Virtual reality / Eye tracking data

Raw eye-tracking data contains videos of facial features and is, therefore, a dataset that can be linked to an identified or identifiable natural person.

These data should be for your eyes only and can pose an increased privacy risk.

Encryption

Encryption is a technique to protect data by converting the data into a form that cannot be accessed with a decryption key or password. The use of encryption of files, folders, or a complete hard disk for storage or data transfer is strongly recommended by the GDPR.

Encryption of ...

Files

Encrypt one or multiple files using build-in encryption (password protection) by software applications, for example:


Folder

7-Zip: download via the UHasselt Software Center or the website


Drives

Bitlocker: available on IT managed Windows devices (more information)

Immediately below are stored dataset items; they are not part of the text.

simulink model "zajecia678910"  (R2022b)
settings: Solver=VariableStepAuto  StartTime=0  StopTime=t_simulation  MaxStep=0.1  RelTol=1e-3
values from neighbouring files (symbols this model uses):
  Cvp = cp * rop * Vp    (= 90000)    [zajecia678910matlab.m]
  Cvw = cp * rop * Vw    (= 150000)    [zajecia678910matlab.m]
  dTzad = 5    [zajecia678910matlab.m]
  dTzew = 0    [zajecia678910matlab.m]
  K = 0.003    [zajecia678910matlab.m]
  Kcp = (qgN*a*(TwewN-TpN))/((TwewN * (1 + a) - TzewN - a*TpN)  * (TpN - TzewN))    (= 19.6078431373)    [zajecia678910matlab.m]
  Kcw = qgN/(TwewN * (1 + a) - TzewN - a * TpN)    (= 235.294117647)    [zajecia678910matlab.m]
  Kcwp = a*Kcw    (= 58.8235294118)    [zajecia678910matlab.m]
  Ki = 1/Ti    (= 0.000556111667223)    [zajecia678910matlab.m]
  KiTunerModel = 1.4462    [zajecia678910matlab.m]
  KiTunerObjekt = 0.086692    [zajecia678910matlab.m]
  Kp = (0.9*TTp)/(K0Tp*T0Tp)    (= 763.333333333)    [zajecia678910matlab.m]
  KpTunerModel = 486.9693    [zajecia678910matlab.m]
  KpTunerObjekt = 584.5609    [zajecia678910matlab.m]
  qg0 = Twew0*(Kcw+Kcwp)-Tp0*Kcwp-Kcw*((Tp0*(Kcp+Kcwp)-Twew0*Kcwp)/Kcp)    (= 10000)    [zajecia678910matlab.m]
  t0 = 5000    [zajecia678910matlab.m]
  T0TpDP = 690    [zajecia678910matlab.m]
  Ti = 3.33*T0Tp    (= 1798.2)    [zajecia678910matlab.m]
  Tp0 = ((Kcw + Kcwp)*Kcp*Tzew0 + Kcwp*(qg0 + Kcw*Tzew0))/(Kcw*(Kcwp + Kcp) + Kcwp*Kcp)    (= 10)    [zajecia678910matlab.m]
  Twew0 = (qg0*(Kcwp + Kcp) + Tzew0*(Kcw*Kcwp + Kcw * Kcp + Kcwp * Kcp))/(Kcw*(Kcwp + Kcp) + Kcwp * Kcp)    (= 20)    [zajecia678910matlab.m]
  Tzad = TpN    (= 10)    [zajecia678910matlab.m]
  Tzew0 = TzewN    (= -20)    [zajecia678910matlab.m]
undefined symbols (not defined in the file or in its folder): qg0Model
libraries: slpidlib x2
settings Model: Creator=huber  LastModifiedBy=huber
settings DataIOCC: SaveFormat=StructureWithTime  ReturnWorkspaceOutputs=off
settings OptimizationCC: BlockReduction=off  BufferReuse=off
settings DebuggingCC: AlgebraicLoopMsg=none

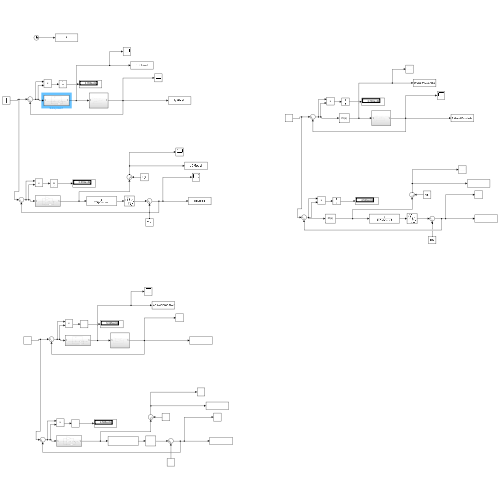
[thumbnail: Simulink's stored preview of the top-level diagram]
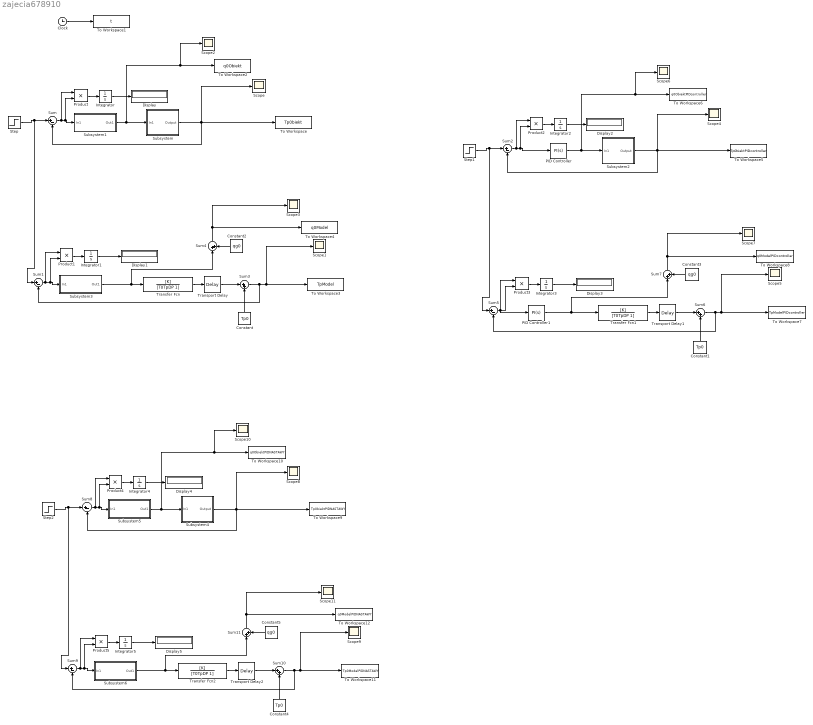
== system zajecia678910 ==
  Clock : Clock
  Constant : Constant  Value=Tp0
  Constant1 : Constant  Value=Tp0
  Constant2 : Constant  Value=qg0
  Constant3 : Constant  Value=qg0
  Constant4 : Constant  Value=Tp0
  Constant5 : Constant  Value=qg0
  Display{,1..5} (6 alike) : Display
  Integrator{,1..5} (6 alike) : Integrator
  PID Controller : slpidlib/PID Controller  Controller=PI  Form=Parallel  TimeDomain=Continuous-time  UseExternalTs=off  SampleTime=-1  IntegratorMethod=Forward Euler  FilterMethod=Forward Euler  ControllerParametersSource=internal  P=KpTunerObjekt  I=KiTunerObjekt  UseKiTs=off  D=0  N=100  UseFilter=on  TunerSelectOption=Transfer Function Based (PID Tuner App)  InitialConditionSource=internal  InitialConditionForIntegrator=qg0Model  InitialConditionForFilter=0  DifferentiatorICPrevScaledInput=0  ExternalReset=none  TrackingMode=off  Kt=1  LimitOutput=off  SatLimitsSource=internal  UpperSaturationLimit=inf  LowerSaturationLimit=-inf  LinearizeAsGain=on  AntiWindupMode=none  Kb=1  LimitIntegrator=off  UpperIntegratorSaturationLimit=inf  LowerIntegratorSaturationLimit=-inf  POutMin=[]  POutMax=[]  IOutMin=[]  IOutMax=[]  DOutMin=[]  DOutMax=[]  NOutMin=[]  NOutMax=[]  SumOutMin=[]  SumOutMax=[]  SaturationOutMin=[]  SaturationOutMax=[]  PParamMin=[]  PParamMax=[]  IParamMin=[]  IParamMax=[]  DParamMin=[]  DParamMax=[]  NParamMin=[]  NParamMax=[]  KbParamMin=[]  KbParamMax=[]  KtParamMin=[]  KtParamMax=[]  KbOutMin=[]  KbOutMax=[]  KtOutMin=[]  KtOutMax=[]  IntegratorOutMin=[]  IntegratorOutMax=[]  FilterOutMin=[]  FilterOutMax=[]  SumI1OutMin=[]  SumI1OutMax=[]  SumI2OutMin=[]  SumI2OutMax=[]  SumI3OutMin=[]  SumI3OutMax=[]  SumI4OutMin=[]  SumI4OutMax=[]  SumDOutMin=[]  SumDOutMax=[]  DifferentiatorOutMin=[]  DifferentiatorOutMax=[]  FilterDiffOutCoefMin=[]  FilterDiffOutCoefMax=[]  ReciprocalOutMin=[]  ReciprocalOutMax=[]  SumDenOutMin=[]  SumDenOutMax=[]  SumNumOutMin=[]  SumNumOutMax=[]  DivideOutMin=[]  DivideOutMax=[]  UdiffTsProdOutMin=[]  UdiffTsProdOutMax=[]  NTsProdOutMin=[]  NTsProdOutMax=[]  UintegralTsProdOutMin=[]  UintegralTsProdOutMax=[]  UngainTsProdOutMin=[]  UngainTsProdOutMax=[]  ClampingZeroOutDataTypeStr=Inherit: Inherit via back propagation  ClampingZeroOutMin=[]  ClampingZeroOutMax=[]  FilterDenConstantOutDataTypeStr=Inherit: Inherit via back propagation  FilterDenConstantOutMin=[]  FilterDenConstantOutMax=[]  PCopyOutDataTypeStr=Inherit: Inherit via back propagation  PCopyOutMin=[]  PCopyOutMax=[]  NCopyOutDataTypeStr=Inherit: Inherit via back propagation  NCopyOutMin=[]  NCopyOutMax=[]  IntegratorContinuousStateAttributes=''  IntegratorStateMustResolveToSignalObject=off  IntegratorRTWStateStorageClass=Auto  FilterContinuousStateAttributes=''  FilterStateMustResolveToSignalObject=off  FilterRTWStateStorageClass=Auto  ParallelPVariant=InternalParameters  IdealPVariant=Disabled  IVariant=InternalParameters  DVariant=InternalParameters  IntegratorVariant=Continuous  SatVariant=Disabled  AWVariant=Passthrough  PCopyVariant=Disabled  TRVariant=Disabled  FdbkBlocksVariant=Forward  IdealPFdbkVariant=Disabled  SatFdbkVariant=Disabled  DerivativeFilterVariant=ContFilter  NVariant=InternalParameters  NCopyVariant=Disabled  FilterICVariant=InternalICsFilter  IntegratorICVariant=InternalICs  ExternalResetVariant=Disabled  TRSumVariant=Passthrough  SumFdbkVariant=Disabled  SumVariant=Sum_PID  TsampFilterVariant=InternalTs  TsampNgainVariant=Passthrough  TsampIntegralVariant=Passthrough  ExternalSaturationOutDataTypeStr=Inherit: Same as second input
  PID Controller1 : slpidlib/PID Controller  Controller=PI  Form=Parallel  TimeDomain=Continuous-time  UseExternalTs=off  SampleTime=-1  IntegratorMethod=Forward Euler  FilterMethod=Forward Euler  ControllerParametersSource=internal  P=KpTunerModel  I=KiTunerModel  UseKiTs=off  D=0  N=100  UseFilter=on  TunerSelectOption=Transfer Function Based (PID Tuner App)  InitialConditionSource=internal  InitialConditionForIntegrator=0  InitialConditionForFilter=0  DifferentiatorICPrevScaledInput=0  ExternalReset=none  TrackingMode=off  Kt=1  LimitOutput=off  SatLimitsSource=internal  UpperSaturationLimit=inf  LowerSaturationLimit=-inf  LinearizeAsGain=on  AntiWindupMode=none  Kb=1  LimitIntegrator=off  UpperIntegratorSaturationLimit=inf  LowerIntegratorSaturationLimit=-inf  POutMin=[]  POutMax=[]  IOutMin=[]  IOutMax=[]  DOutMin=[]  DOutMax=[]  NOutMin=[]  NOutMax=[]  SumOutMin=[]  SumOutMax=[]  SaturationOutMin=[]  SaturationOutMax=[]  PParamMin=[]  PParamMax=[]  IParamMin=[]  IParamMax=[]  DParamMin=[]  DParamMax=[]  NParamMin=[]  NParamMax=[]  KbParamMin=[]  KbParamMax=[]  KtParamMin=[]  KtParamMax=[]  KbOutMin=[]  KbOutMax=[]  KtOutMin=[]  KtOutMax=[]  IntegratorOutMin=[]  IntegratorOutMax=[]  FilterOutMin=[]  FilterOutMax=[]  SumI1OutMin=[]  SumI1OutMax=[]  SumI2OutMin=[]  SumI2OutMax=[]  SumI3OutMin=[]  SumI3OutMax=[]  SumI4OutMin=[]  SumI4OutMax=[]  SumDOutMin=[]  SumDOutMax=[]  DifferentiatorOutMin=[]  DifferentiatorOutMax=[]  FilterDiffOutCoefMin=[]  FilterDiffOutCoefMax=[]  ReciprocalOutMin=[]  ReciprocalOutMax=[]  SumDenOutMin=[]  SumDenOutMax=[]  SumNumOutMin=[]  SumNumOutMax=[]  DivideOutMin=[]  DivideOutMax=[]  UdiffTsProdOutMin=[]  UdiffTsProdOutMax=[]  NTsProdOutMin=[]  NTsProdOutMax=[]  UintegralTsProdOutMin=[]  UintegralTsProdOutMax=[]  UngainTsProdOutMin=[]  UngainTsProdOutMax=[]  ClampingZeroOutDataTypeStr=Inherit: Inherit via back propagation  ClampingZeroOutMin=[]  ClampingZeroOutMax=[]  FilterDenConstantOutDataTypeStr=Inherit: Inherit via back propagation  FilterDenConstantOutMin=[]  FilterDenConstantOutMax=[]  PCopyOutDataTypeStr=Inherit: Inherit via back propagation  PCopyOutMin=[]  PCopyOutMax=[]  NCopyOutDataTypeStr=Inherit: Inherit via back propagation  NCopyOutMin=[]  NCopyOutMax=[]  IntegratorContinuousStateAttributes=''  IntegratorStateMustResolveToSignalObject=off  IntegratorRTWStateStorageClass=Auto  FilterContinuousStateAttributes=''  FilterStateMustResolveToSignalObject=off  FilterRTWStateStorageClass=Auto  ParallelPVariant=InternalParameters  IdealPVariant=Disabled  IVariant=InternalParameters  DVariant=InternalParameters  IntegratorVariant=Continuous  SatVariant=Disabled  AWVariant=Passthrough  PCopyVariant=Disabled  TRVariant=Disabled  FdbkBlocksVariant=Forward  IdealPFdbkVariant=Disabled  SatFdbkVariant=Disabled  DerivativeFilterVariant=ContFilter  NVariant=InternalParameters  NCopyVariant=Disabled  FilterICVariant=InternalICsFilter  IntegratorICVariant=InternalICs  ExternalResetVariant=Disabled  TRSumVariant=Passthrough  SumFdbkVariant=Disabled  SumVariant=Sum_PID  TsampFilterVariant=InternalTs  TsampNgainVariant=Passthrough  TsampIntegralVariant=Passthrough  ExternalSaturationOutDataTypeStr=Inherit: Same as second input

Avoid using external devices (e.g., USB drive, external Hard Drives) to avoid data loss and security breaches. However, if you do need to use an external device, make sure to encrypt the device. Use Bitlocker To Go (available via your Windows device).


Sharing and transfer

Belnet file sender allows you to share large (up to 5TB) data files securely.

Data breach (e.g., loss of data, unauthorized access)

A data breach is a security incident that affects the confidentiality, integrity, or availability of personal data. Possible incidents that can lead to a data breach are:

  • Access to personal data by an unauthorized third party;
  • intentional or unintentional action that affects the security of personal data;
  • sending personal data to an incorrect recipient;
  • computer equipment with personal data that is lost or stolen;
  • changing personal data without consent;

Did you encounter a data breach?

If you identify a data breach, you must always report it via the UHasselt Self Service Desk. Together with the Data Protection Officer, it will be examined whether there is actually a data breach that must be reported to the Data Protection Authority. If the data breach entails privacy risks, the data subjects must also be informed of this.